* _Assignment_
Beginning with the line that contains "#309=ADVANCED_BREP_SHAPE_REPRESENTATION('',(#18,#308),#14);", transcribe every line down to the end of the entries, exactly, and no other lines.

Start of Block

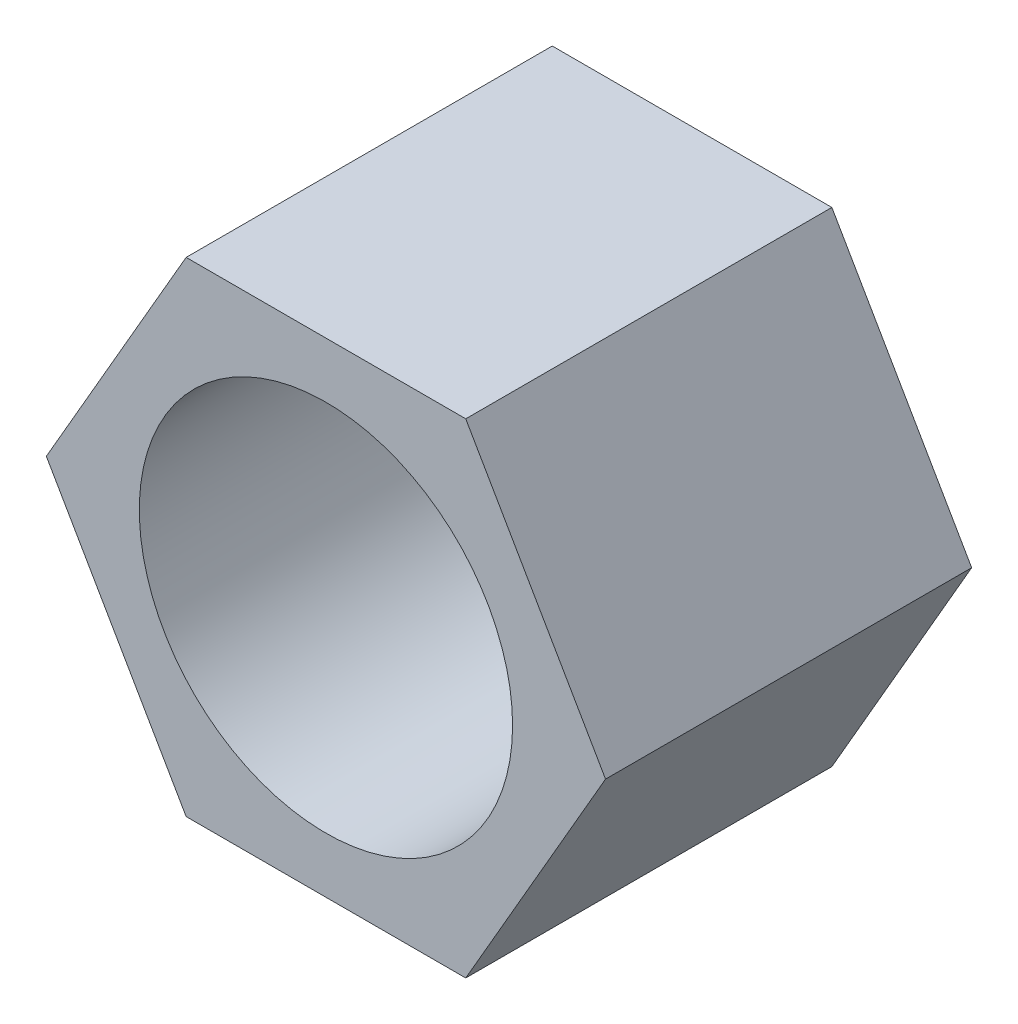
ISO-10303-21;
HEADER;
FILE_DESCRIPTION(('STEP AP214'),'2;1');
FILE_NAME('part.step','',(''),(''),'','','');
FILE_SCHEMA(('AUTOMOTIVE_DESIGN { 1 0 10303 214 1 1 1 1 }'));
ENDSEC;
DATA;
#1=APPLICATION_CONTEXT('core data for automotive mechanical design processes');
#2=APPLICATION_PROTOCOL_DEFINITION('international standard','automotive_design',2000,#1);
#3=PRODUCT_CONTEXT('',#1,'mechanical');
#4=PRODUCT('Part','Part','',(#3));
#5=PRODUCT_RELATED_PRODUCT_CATEGORY('part','',(#4));
#6=PRODUCT_DEFINITION_FORMATION('','',#4);
#7=PRODUCT_DEFINITION_CONTEXT('part definition',#1,'design');
#8=PRODUCT_DEFINITION('design','',#6,#7);
#9=PRODUCT_DEFINITION_SHAPE('','',#8);
#10=(LENGTH_UNIT() NAMED_UNIT(*) SI_UNIT(.MILLI.,.METRE.));
#11=(NAMED_UNIT(*) PLANE_ANGLE_UNIT() SI_UNIT($,.RADIAN.));
#12=(NAMED_UNIT(*) SI_UNIT($,.STERADIAN.) SOLID_ANGLE_UNIT());
#13=UNCERTAINTY_MEASURE_WITH_UNIT(LENGTH_MEASURE(1.E-05),#10,'distance_accuracy_value','');
#14=(GEOMETRIC_REPRESENTATION_CONTEXT(3) GLOBAL_UNCERTAINTY_ASSIGNED_CONTEXT((#13)) GLOBAL_UNIT_ASSIGNED_CONTEXT((#10,
#11,#12)) REPRESENTATION_CONTEXT('',''));
#15=CARTESIAN_POINT('',(0.,0.,0.));
#16=DIRECTION('',(0.,0.,1.));
#17=DIRECTION('',(1.,0.,0.));
#18=AXIS2_PLACEMENT_3D('',#15,#16,#17);
#19=CARTESIAN_POINT('',(5.49926131403129,-9.52499999999992,7.2009));
#20=DIRECTION('',(-0.866025403784442,0.499999999999995,0.));
#21=DIRECTION('',(-0.499999999999995,-0.866025403784442,0.));
#22=AXIS2_PLACEMENT_3D('',#19,#20,#21);
#23=PLANE('',#22);
#24=DIRECTION('',(0.499999999999995,0.866025403784441,0.));
#25=VECTOR('',#24,1.);
#26=CARTESIAN_POINT('',(5.49926131403129,-9.52499999999992,-7.2009));
#27=LINE('',#26,#25);
#28=CARTESIAN_POINT('',(5.49926131403129,-9.52499999999992,-7.2009));
#29=VERTEX_POINT('',#28);
#30=CARTESIAN_POINT('',(10.9985226280624,0.,-7.2009));
#31=VERTEX_POINT('',#30);
#32=EDGE_CURVE('E118',#29,#31,#27,.T.);
#33=ORIENTED_EDGE('',*,*,#32,.T.);
#34=DIRECTION('',(0.,0.,-1.));
#35=VECTOR('',#34,1.);
#36=CARTESIAN_POINT('',(10.9985226280624,0.,7.2009));
#37=LINE('',#36,#35);
#38=CARTESIAN_POINT('',(10.9985226280624,0.,7.2009));
#39=VERTEX_POINT('',#38);
#40=EDGE_CURVE('E11',#39,#31,#37,.T.);
#41=ORIENTED_EDGE('',*,*,#40,.F.);
#42=DIRECTION('',(0.499999999999995,0.866025403784441,0.));
#43=VECTOR('',#42,1.);
#44=CARTESIAN_POINT('',(5.49926131403129,-9.52499999999992,7.2009));
#45=LINE('',#44,#43);
#46=CARTESIAN_POINT('',(5.49926131403129,-9.52499999999992,7.2009));
#47=VERTEX_POINT('',#46);
#48=EDGE_CURVE('E129',#47,#39,#45,.T.);
#49=ORIENTED_EDGE('',*,*,#48,.F.);
#50=DIRECTION('',(0.,0.,-1.));
#51=VECTOR('',#50,1.);
#52=CARTESIAN_POINT('',(5.49926131403129,-9.52499999999992,7.2009));
#53=LINE('',#52,#51);
#54=EDGE_CURVE('E114',#47,#29,#53,.T.);
#55=ORIENTED_EDGE('',*,*,#54,.T.);
#56=EDGE_LOOP('',(#33,#41,#49,#55));
#57=FACE_BOUND('',#56,.T.);
#58=ADVANCED_FACE('F34',(#57),#23,.F.);
#59=CARTESIAN_POINT('',(10.9985226280624,0.,7.2009));
#60=DIRECTION('',(-0.866025403784438,-0.500000000000001,0.));
#61=DIRECTION('',(0.500000000000001,-0.866025403784438,0.));
#62=AXIS2_PLACEMENT_3D('',#59,#60,#61);
#63=PLANE('',#62);
#64=DIRECTION('',(-0.500000000000001,0.866025403784438,0.));
#65=VECTOR('',#64,1.);
#66=CARTESIAN_POINT('',(10.9985226280624,0.,-7.2009));
#67=LINE('',#66,#65);
#68=CARTESIAN_POINT('',(5.49926131403116,9.525,-7.2009));
#69=VERTEX_POINT('',#68);
#70=EDGE_CURVE('E121',#31,#69,#67,.T.);
#71=ORIENTED_EDGE('',*,*,#70,.T.);
#72=DIRECTION('',(0.,0.,-1.));
#73=VECTOR('',#72,1.);
#74=CARTESIAN_POINT('',(5.49926131403116,9.525,7.2009));
#75=LINE('',#74,#73);
#76=CARTESIAN_POINT('',(5.49926131403116,9.525,7.2009));
#77=VERTEX_POINT('',#76);
#78=EDGE_CURVE('E42',#77,#69,#75,.T.);
#79=ORIENTED_EDGE('',*,*,#78,.F.);
#80=DIRECTION('',(-0.500000000000001,0.866025403784438,0.));
#81=VECTOR('',#80,1.);
#82=CARTESIAN_POINT('',(10.9985226280624,0.,7.2009));
#83=LINE('',#82,#81);
#84=EDGE_CURVE('E87',#39,#77,#83,.T.);
#85=ORIENTED_EDGE('',*,*,#84,.F.);
#86=ORIENTED_EDGE('',*,*,#40,.T.);
#87=EDGE_LOOP('',(#71,#79,#85,#86));
#88=FACE_BOUND('',#87,.T.);
#89=ADVANCED_FACE('F154',(#88),#63,.F.);
#90=CARTESIAN_POINT('',(5.49926131403116,9.525,7.2009));
#91=DIRECTION('',(0.,-1.,0.));
#92=DIRECTION('',(1.,0.,0.));
#93=AXIS2_PLACEMENT_3D('',#90,#91,#92);
#94=PLANE('',#93);
#95=DIRECTION('',(-1.,0.,0.));
#96=VECTOR('',#95,1.);
#97=CARTESIAN_POINT('',(5.49926131403116,9.525,-7.2009));
#98=LINE('',#97,#96);
#99=CARTESIAN_POINT('',(-5.49926131403122,9.52499999999996,-7.2009));
#100=VERTEX_POINT('',#99);
#101=EDGE_CURVE('E124',#69,#100,#98,.T.);
#102=ORIENTED_EDGE('',*,*,#101,.T.);
#103=DIRECTION('',(0.,0.,-1.));
#104=VECTOR('',#103,1.);
#105=CARTESIAN_POINT('',(-5.49926131403122,9.52499999999996,7.2009));
#106=LINE('',#105,#104);
#107=CARTESIAN_POINT('',(-5.49926131403122,9.52499999999996,7.2009));
#108=VERTEX_POINT('',#107);
#109=EDGE_CURVE('E109',#108,#100,#106,.T.);
#110=ORIENTED_EDGE('',*,*,#109,.F.);
#111=DIRECTION('',(-1.,0.,0.));
#112=VECTOR('',#111,1.);
#113=CARTESIAN_POINT('',(5.49926131403116,9.525,7.2009));
#114=LINE('',#113,#112);
#115=EDGE_CURVE('E100',#77,#108,#114,.T.);
#116=ORIENTED_EDGE('',*,*,#115,.F.);
#117=ORIENTED_EDGE('',*,*,#78,.T.);
#118=EDGE_LOOP('',(#102,#110,#116,#117));
#119=FACE_BOUND('',#118,.T.);
#120=ADVANCED_FACE('F135',(#119),#94,.F.);
#121=CARTESIAN_POINT('',(-5.49926131403122,9.52499999999996,7.2009));
#122=DIRECTION('',(0.866025403784441,-0.499999999999995,0.));
#123=DIRECTION('',(0.499999999999995,0.866025403784442,0.));
#124=AXIS2_PLACEMENT_3D('',#121,#122,#123);
#125=PLANE('',#124);
#126=DIRECTION('',(-0.499999999999995,-0.866025403784442,0.));
#127=VECTOR('',#126,1.);
#128=CARTESIAN_POINT('',(-5.49926131403122,9.52499999999996,-7.2009));
#129=LINE('',#128,#127);
#130=CARTESIAN_POINT('',(-10.9985226280624,0.,-7.2009));
#131=VERTEX_POINT('',#130);
#132=EDGE_CURVE('E108',#100,#131,#129,.T.);
#133=ORIENTED_EDGE('',*,*,#132,.T.);
#134=DIRECTION('',(0.,0.,-1.));
#135=VECTOR('',#134,1.);
#136=CARTESIAN_POINT('',(-10.9985226280624,0.,7.2009));
#137=LINE('',#136,#135);
#138=CARTESIAN_POINT('',(-10.9985226280624,0.,7.2009));
#139=VERTEX_POINT('',#138);
#140=EDGE_CURVE('E105',#139,#131,#137,.T.);
#141=ORIENTED_EDGE('',*,*,#140,.F.);
#142=DIRECTION('',(-0.499999999999995,-0.866025403784442,0.));
#143=VECTOR('',#142,1.);
#144=CARTESIAN_POINT('',(-5.49926131403122,9.52499999999996,7.2009));
#145=LINE('',#144,#143);
#146=EDGE_CURVE('E94',#108,#139,#145,.T.);
#147=ORIENTED_EDGE('',*,*,#146,.F.);
#148=ORIENTED_EDGE('',*,*,#109,.T.);
#149=EDGE_LOOP('',(#133,#141,#147,#148));
#150=FACE_BOUND('',#149,.T.);
#151=ADVANCED_FACE('F106',(#150),#125,.F.);
#152=CARTESIAN_POINT('',(-10.9985226280624,0.,7.2009));
#153=DIRECTION('',(0.866025403784434,0.500000000000007,0.));
#154=DIRECTION('',(-0.500000000000007,0.866025403784435,0.));
#155=AXIS2_PLACEMENT_3D('',#152,#153,#154);
#156=PLANE('',#155);
#157=DIRECTION('',(0.500000000000007,-0.866025403784435,0.));
#158=VECTOR('',#157,1.);
#159=CARTESIAN_POINT('',(-10.9985226280624,0.,-7.2009));
#160=LINE('',#159,#158);
#161=CARTESIAN_POINT('',(-5.49926131403109,-9.52500000000004,-7.2009));
#162=VERTEX_POINT('',#161);
#163=EDGE_CURVE('E73',#131,#162,#160,.T.);
#164=ORIENTED_EDGE('',*,*,#163,.T.);
#165=DIRECTION('',(0.,0.,-1.));
#166=VECTOR('',#165,1.);
#167=CARTESIAN_POINT('',(-5.49926131403109,-9.52500000000004,7.2009));
#168=LINE('',#167,#166);
#169=CARTESIAN_POINT('',(-5.49926131403109,-9.52500000000004,7.2009));
#170=VERTEX_POINT('',#169);
#171=EDGE_CURVE('E110',#170,#162,#168,.T.);
#172=ORIENTED_EDGE('',*,*,#171,.F.);
#173=DIRECTION('',(0.500000000000007,-0.866025403784435,0.));
#174=VECTOR('',#173,1.);
#175=CARTESIAN_POINT('',(-10.9985226280624,0.,7.2009));
#176=LINE('',#175,#174);
#177=EDGE_CURVE('E98',#139,#170,#176,.T.);
#178=ORIENTED_EDGE('',*,*,#177,.F.);
#179=ORIENTED_EDGE('',*,*,#140,.T.);
#180=EDGE_LOOP('',(#164,#172,#178,#179));
#181=FACE_BOUND('',#180,.T.);
#182=ADVANCED_FACE('F112',(#181),#156,.F.);
#183=CARTESIAN_POINT('',(-5.49926131403109,-9.52500000000004,7.2009));
#184=DIRECTION('',(0.,1.,0.));
#185=DIRECTION('',(-1.,0.,0.));
#186=AXIS2_PLACEMENT_3D('',#183,#184,#185);
#187=PLANE('',#186);
#188=DIRECTION('',(1.,0.,0.));
#189=VECTOR('',#188,1.);
#190=CARTESIAN_POINT('',(-5.49926131403109,-9.52500000000004,-7.2009));
#191=LINE('',#190,#189);
#192=EDGE_CURVE('E79',#162,#29,#191,.T.);
#193=ORIENTED_EDGE('',*,*,#192,.T.);
#194=ORIENTED_EDGE('',*,*,#54,.F.);
#195=DIRECTION('',(1.,0.,0.));
#196=VECTOR('',#195,1.);
#197=CARTESIAN_POINT('',(-5.49926131403109,-9.52500000000004,7.2009));
#198=LINE('',#197,#196);
#199=EDGE_CURVE('E50',#170,#47,#198,.T.);
#200=ORIENTED_EDGE('',*,*,#199,.F.);
#201=ORIENTED_EDGE('',*,*,#171,.T.);
#202=EDGE_LOOP('',(#193,#194,#200,#201));
#203=FACE_BOUND('',#202,.T.);
#204=ADVANCED_FACE('F142',(#203),#187,.F.);
#205=CARTESIAN_POINT('',(0.,0.,7.2009));
#206=DIRECTION('',(0.,0.,1.));
#207=DIRECTION('',(1.,0.,0.));
#208=AXIS2_PLACEMENT_3D('',#205,#206,#207);
#209=PLANE('',#208);
#210=CARTESIAN_POINT('',(0.,0.,7.2009));
#211=DIRECTION('',(0.,0.,1.));
#212=DIRECTION('',(1.,0.,0.));
#213=AXIS2_PLACEMENT_3D('',#210,#211,#212);
#214=CIRCLE('',#213,7.34187);
#215=CARTESIAN_POINT('',(7.34187,0.,7.2009));
#216=VERTEX_POINT('',#215);
#217=EDGE_CURVE('E232',#216,#216,#214,.T.);
#218=ORIENTED_EDGE('',*,*,#217,.F.);
#219=EDGE_LOOP('',(#218));
#220=FACE_BOUND('',#219,.T.);
#221=ORIENTED_EDGE('',*,*,#48,.T.);
#222=ORIENTED_EDGE('',*,*,#84,.T.);
#223=ORIENTED_EDGE('',*,*,#115,.T.);
#224=ORIENTED_EDGE('',*,*,#146,.T.);
#225=ORIENTED_EDGE('',*,*,#177,.T.);
#226=ORIENTED_EDGE('',*,*,#199,.T.);
#227=EDGE_LOOP('',(#221,#222,#223,#224,#225,#226));
#228=FACE_BOUND('',#227,.T.);
#229=ADVANCED_FACE('F96',(#220,#228),#209,.T.);
#230=CARTESIAN_POINT('',(0.,0.,-7.2009));
#231=DIRECTION('',(0.,0.,1.));
#232=DIRECTION('',(1.,0.,0.));
#233=AXIS2_PLACEMENT_3D('',#230,#231,#232);
#234=PLANE('',#233);
#235=CARTESIAN_POINT('',(0.,0.,-7.2009));
#236=DIRECTION('',(0.,0.,-1.));
#237=DIRECTION('',(-1.,0.,0.));
#238=AXIS2_PLACEMENT_3D('',#235,#236,#237);
#239=CIRCLE('',#238,3.571875);
#240=CARTESIAN_POINT('',(-3.571875,0.,-7.2009));
#241=VERTEX_POINT('',#240);
#242=EDGE_CURVE('E122',#241,#241,#239,.T.);
#243=ORIENTED_EDGE('',*,*,#242,.F.);
#244=EDGE_LOOP('',(#243));
#245=FACE_BOUND('',#244,.T.);
#246=ORIENTED_EDGE('',*,*,#32,.F.);
#247=ORIENTED_EDGE('',*,*,#192,.F.);
#248=ORIENTED_EDGE('',*,*,#163,.F.);
#249=ORIENTED_EDGE('',*,*,#132,.F.);
#250=ORIENTED_EDGE('',*,*,#101,.F.);
#251=ORIENTED_EDGE('',*,*,#70,.F.);
#252=EDGE_LOOP('',(#246,#247,#248,#249,#250,#251));
#253=FACE_BOUND('',#252,.T.);
#254=ADVANCED_FACE('F138',(#245,#253),#234,.F.);
#255=CARTESIAN_POINT('',(0.,0.,-4.0259));
#256=DIRECTION('',(0.,0.,-1.));
#257=DIRECTION('',(-1.,0.,0.));
#258=AXIS2_PLACEMENT_3D('',#255,#256,#257);
#259=CYLINDRICAL_SURFACE('',#258,3.571875);
#260=CARTESIAN_POINT('',(0.,0.,-4.0259));
#261=DIRECTION('',(0.,0.,1.));
#262=DIRECTION('',(1.,0.,0.));
#263=AXIS2_PLACEMENT_3D('',#260,#261,#262);
#264=CIRCLE('',#263,3.571875);
#265=CARTESIAN_POINT('',(3.571875,0.,-4.0259));
#266=VERTEX_POINT('',#265);
#267=EDGE_CURVE('E234',#266,#266,#264,.F.);
#268=ORIENTED_EDGE('',*,*,#267,.F.);
#269=EDGE_LOOP('',(#268));
#270=FACE_BOUND('',#269,.T.);
#271=ORIENTED_EDGE('',*,*,#242,.T.);
#272=EDGE_LOOP('',(#271));
#273=FACE_BOUND('',#272,.T.);
#274=ADVANCED_FACE('F186',(#270,#273),#259,.F.);
#275=CARTESIAN_POINT('',(0.,0.,-4.0259));
#276=DIRECTION('',(0.,0.,1.));
#277=DIRECTION('',(1.,0.,0.));
#278=AXIS2_PLACEMENT_3D('',#275,#276,#277);
#279=PLANE('',#278);
#280=CARTESIAN_POINT('',(0.,0.,-4.0259));
#281=DIRECTION('',(0.,0.,1.));
#282=DIRECTION('',(1.,0.,0.));
#283=AXIS2_PLACEMENT_3D('',#280,#281,#282);
#284=CIRCLE('',#283,7.34187);
#285=CARTESIAN_POINT('',(7.34187,0.,-4.0259));
#286=VERTEX_POINT('',#285);
#287=EDGE_CURVE('E229',#286,#286,#284,.T.);
#288=ORIENTED_EDGE('',*,*,#287,.T.);
#289=EDGE_LOOP('',(#288));
#290=FACE_BOUND('',#289,.T.);
#291=ORIENTED_EDGE('',*,*,#267,.T.);
#292=EDGE_LOOP('',(#291));
#293=FACE_BOUND('',#292,.T.);
#294=ADVANCED_FACE('F195',(#290,#293),#279,.T.);
#295=CARTESIAN_POINT('',(0.,0.,-4.0259));
#296=DIRECTION('',(0.,0.,1.));
#297=DIRECTION('',(1.,0.,0.));
#298=AXIS2_PLACEMENT_3D('',#295,#296,#297);
#299=CYLINDRICAL_SURFACE('',#298,7.34187);
#300=ORIENTED_EDGE('',*,*,#287,.F.);
#301=EDGE_LOOP('',(#300));
#302=FACE_BOUND('',#301,.T.);
#303=ORIENTED_EDGE('',*,*,#217,.T.);
#304=EDGE_LOOP('',(#303));
#305=FACE_BOUND('',#304,.T.);
#306=ADVANCED_FACE('F210',(#302,#305),#299,.F.);
#307=CLOSED_SHELL('',(#58,#89,#120,#151,#182,#204,#229,#254,#274,#294,#306));
#308=MANIFOLD_SOLID_BREP('B2',#307);
#309=ADVANCED_BREP_SHAPE_REPRESENTATION('',(#18,#308),#14);
#310=SHAPE_DEFINITION_REPRESENTATION(#9,#309);
ENDSEC;
END-ISO-10303-21;

End of Block

* _Exercise output_
#309=ADVANCED_BREP_SHAPE_REPRESENTATION('',(#18,#308),#14);
#310=SHAPE_DEFINITION_REPRESENTATION(#9,#309);
ENDSEC;
END-ISO-10303-21;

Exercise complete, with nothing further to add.